Records for processing START

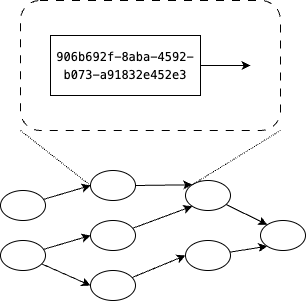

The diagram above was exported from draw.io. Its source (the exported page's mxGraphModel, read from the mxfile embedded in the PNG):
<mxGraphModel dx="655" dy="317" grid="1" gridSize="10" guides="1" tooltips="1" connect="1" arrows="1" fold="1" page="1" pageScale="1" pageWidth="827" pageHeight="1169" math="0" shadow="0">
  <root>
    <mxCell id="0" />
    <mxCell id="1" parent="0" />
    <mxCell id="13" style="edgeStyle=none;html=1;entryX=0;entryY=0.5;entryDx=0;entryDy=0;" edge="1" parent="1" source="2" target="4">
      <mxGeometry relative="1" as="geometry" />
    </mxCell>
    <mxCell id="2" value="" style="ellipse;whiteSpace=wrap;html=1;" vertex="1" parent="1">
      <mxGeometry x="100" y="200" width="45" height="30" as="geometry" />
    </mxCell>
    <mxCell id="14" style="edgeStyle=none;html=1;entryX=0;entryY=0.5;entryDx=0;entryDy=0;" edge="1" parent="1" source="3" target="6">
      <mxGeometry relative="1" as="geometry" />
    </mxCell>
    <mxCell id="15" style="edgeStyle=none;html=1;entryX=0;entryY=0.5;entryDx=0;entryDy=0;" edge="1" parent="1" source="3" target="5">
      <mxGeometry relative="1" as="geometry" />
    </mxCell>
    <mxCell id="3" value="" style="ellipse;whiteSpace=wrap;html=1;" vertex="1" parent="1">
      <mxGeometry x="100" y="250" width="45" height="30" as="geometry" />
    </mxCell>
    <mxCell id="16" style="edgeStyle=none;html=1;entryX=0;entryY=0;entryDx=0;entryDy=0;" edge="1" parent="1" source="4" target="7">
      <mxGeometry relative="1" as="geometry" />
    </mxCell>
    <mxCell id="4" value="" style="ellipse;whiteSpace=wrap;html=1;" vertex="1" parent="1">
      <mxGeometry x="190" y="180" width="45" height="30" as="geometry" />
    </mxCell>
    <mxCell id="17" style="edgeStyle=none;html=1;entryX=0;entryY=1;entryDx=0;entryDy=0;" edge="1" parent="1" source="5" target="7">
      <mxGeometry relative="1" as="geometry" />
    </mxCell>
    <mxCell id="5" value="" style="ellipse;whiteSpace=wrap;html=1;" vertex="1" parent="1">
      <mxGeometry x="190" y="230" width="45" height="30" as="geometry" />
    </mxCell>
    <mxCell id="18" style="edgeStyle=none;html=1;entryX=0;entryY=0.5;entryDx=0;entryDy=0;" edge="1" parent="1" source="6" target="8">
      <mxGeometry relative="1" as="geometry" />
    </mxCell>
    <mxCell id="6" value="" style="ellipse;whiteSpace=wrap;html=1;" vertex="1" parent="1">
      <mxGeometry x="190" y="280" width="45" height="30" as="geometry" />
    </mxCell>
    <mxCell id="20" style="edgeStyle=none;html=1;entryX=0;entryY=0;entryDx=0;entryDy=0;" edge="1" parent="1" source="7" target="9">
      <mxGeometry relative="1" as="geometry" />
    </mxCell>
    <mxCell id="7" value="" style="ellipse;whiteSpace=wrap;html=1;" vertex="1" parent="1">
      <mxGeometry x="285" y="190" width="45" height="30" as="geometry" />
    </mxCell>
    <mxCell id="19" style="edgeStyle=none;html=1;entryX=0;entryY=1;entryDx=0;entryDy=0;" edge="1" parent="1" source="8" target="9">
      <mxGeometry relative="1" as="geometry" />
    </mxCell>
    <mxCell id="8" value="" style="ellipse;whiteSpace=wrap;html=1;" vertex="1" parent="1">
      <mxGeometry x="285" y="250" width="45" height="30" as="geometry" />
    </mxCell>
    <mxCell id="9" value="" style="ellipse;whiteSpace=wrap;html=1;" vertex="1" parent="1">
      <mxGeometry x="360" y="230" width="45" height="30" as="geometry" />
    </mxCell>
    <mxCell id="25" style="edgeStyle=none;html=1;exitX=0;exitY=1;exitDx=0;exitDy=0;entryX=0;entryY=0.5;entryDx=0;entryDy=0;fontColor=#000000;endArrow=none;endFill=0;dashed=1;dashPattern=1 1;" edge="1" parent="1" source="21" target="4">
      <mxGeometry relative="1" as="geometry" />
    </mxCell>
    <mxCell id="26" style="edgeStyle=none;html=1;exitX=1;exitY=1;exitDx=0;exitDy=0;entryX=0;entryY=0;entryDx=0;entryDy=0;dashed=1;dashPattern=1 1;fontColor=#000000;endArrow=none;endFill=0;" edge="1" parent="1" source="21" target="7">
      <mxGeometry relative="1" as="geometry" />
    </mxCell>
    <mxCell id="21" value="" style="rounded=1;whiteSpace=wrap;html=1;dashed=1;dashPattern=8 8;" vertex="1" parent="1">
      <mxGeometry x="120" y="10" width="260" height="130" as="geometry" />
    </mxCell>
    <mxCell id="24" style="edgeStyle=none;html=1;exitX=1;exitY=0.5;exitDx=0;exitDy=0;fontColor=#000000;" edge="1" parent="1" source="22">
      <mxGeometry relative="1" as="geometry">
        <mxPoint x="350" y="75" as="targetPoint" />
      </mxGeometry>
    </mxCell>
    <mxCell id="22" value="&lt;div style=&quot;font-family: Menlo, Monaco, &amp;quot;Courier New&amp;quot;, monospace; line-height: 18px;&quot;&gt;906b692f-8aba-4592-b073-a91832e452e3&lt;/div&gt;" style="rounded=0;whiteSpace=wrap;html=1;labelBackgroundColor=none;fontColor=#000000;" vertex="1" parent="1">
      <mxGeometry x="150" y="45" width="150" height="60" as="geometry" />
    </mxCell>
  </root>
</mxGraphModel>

Records for processing END

◆ **What is being asked**:
Your task is to restate every record word for word. Omit all pictures.

◆ **Reply to the task**:
The diagram above was exported from draw.io. Its source (the exported page's mxGraphModel, read from the mxfile embedded in the PNG):
<mxGraphModel dx="655" dy="317" grid="1" gridSize="10" guides="1" tooltips="1" connect="1" arrows="1" fold="1" page="1" pageScale="1" pageWidth="827" pageHeight="1169" math="0" shadow="0">
  <root>
    <mxCell id="0" />
    <mxCell id="1" parent="0" />
    <mxCell id="13" style="edgeStyle=none;html=1;entryX=0;entryY=0.5;entryDx=0;entryDy=0;" edge="1" parent="1" source="2" target="4">
      <mxGeometry relative="1" as="geometry" />
    </mxCell>
    <mxCell id="2" value="" style="ellipse;whiteSpace=wrap;html=1;" vertex="1" parent="1">
      <mxGeometry x="100" y="200" width="45" height="30" as="geometry" />
    </mxCell>
    <mxCell id="14" style="edgeStyle=none;html=1;entryX=0;entryY=0.5;entryDx=0;entryDy=0;" edge="1" parent="1" source="3" target="6">
      <mxGeometry relative="1" as="geometry" />
    </mxCell>
    <mxCell id="15" style="edgeStyle=none;html=1;entryX=0;entryY=0.5;entryDx=0;entryDy=0;" edge="1" parent="1" source="3" target="5">
      <mxGeometry relative="1" as="geometry" />
    </mxCell>
    <mxCell id="3" value="" style="ellipse;whiteSpace=wrap;html=1;" vertex="1" parent="1">
      <mxGeometry x="100" y="250" width="45" height="30" as="geometry" />
    </mxCell>
    <mxCell id="16" style="edgeStyle=none;html=1;entryX=0;entryY=0;entryDx=0;entryDy=0;" edge="1" parent="1" source="4" target="7">
      <mxGeometry relative="1" as="geometry" />
    </mxCell>
    <mxCell id="4" value="" style="ellipse;whiteSpace=wrap;html=1;" vertex="1" parent="1">
      <mxGeometry x="190" y="180" width="45" height="30" as="geometry" />
    </mxCell>
    <mxCell id="17" style="edgeStyle=none;html=1;entryX=0;entryY=1;entryDx=0;entryDy=0;" edge="1" parent="1" source="5" target="7">
      <mxGeometry relative="1" as="geometry" />
    </mxCell>
    <mxCell id="5" value="" style="ellipse;whiteSpace=wrap;html=1;" vertex="1" parent="1">
      <mxGeometry x="190" y="230" width="45" height="30" as="geometry" />
    </mxCell>
    <mxCell id="18" style="edgeStyle=none;html=1;entryX=0;entryY=0.5;entryDx=0;entryDy=0;" edge="1" parent="1" source="6" target="8">
      <mxGeometry relative="1" as="geometry" />
    </mxCell>
    <mxCell id="6" value="" style="ellipse;whiteSpace=wrap;html=1;" vertex="1" parent="1">
      <mxGeometry x="190" y="280" width="45" height="30" as="geometry" />
    </mxCell>
    <mxCell id="20" style="edgeStyle=none;html=1;entryX=0;entryY=0;entryDx=0;entryDy=0;" edge="1" parent="1" source="7" target="9">
      <mxGeometry relative="1" as="geometry" />
    </mxCell>
    <mxCell id="7" value="" style="ellipse;whiteSpace=wrap;html=1;" vertex="1" parent="1">
      <mxGeometry x="285" y="190" width="45" height="30" as="geometry" />
    </mxCell>
    <mxCell id="19" style="edgeStyle=none;html=1;entryX=0;entryY=1;entryDx=0;entryDy=0;" edge="1" parent="1" source="8" target="9">
      <mxGeometry relative="1" as="geometry" />
    </mxCell>
    <mxCell id="8" value="" style="ellipse;whiteSpace=wrap;html=1;" vertex="1" parent="1">
      <mxGeometry x="285" y="250" width="45" height="30" as="geometry" />
    </mxCell>
    <mxCell id="9" value="" style="ellipse;whiteSpace=wrap;html=1;" vertex="1" parent="1">
      <mxGeometry x="360" y="230" width="45" height="30" as="geometry" />
    </mxCell>
    <mxCell id="25" style="edgeStyle=none;html=1;exitX=0;exitY=1;exitDx=0;exitDy=0;entryX=0;entryY=0.5;entryDx=0;entryDy=0;fontColor=#000000;endArrow=none;endFill=0;dashed=1;dashPattern=1 1;" edge="1" parent="1" source="21" target="4">
      <mxGeometry relative="1" as="geometry" />
    </mxCell>
    <mxCell id="26" style="edgeStyle=none;html=1;exitX=1;exitY=1;exitDx=0;exitDy=0;entryX=0;entryY=0;entryDx=0;entryDy=0;dashed=1;dashPattern=1 1;fontColor=#000000;endArrow=none;endFill=0;" edge="1" parent="1" source="21" target="7">
      <mxGeometry relative="1" as="geometry" />
    </mxCell>
    <mxCell id="21" value="" style="rounded=1;whiteSpace=wrap;html=1;dashed=1;dashPattern=8 8;" vertex="1" parent="1">
      <mxGeometry x="120" y="10" width="260" height="130" as="geometry" />
    </mxCell>
    <mxCell id="24" style="edgeStyle=none;html=1;exitX=1;exitY=0.5;exitDx=0;exitDy=0;fontColor=#000000;" edge="1" parent="1" source="22">
      <mxGeometry relative="1" as="geometry">
        <mxPoint x="350" y="75" as="targetPoint" />
      </mxGeometry>
    </mxCell>
    <mxCell id="22" value="&lt;div style=&quot;font-family: Menlo, Monaco, &amp;quot;Courier New&amp;quot;, monospace; line-height: 18px;&quot;&gt;906b692f-8aba-4592-b073-a91832e452e3&lt;/div&gt;" style="rounded=0;whiteSpace=wrap;html=1;labelBackgroundColor=none;fontColor=#000000;" vertex="1" parent="1">
      <mxGeometry x="150" y="45" width="150" height="60" as="geometry" />
    </mxCell>
  </root>
</mxGraphModel>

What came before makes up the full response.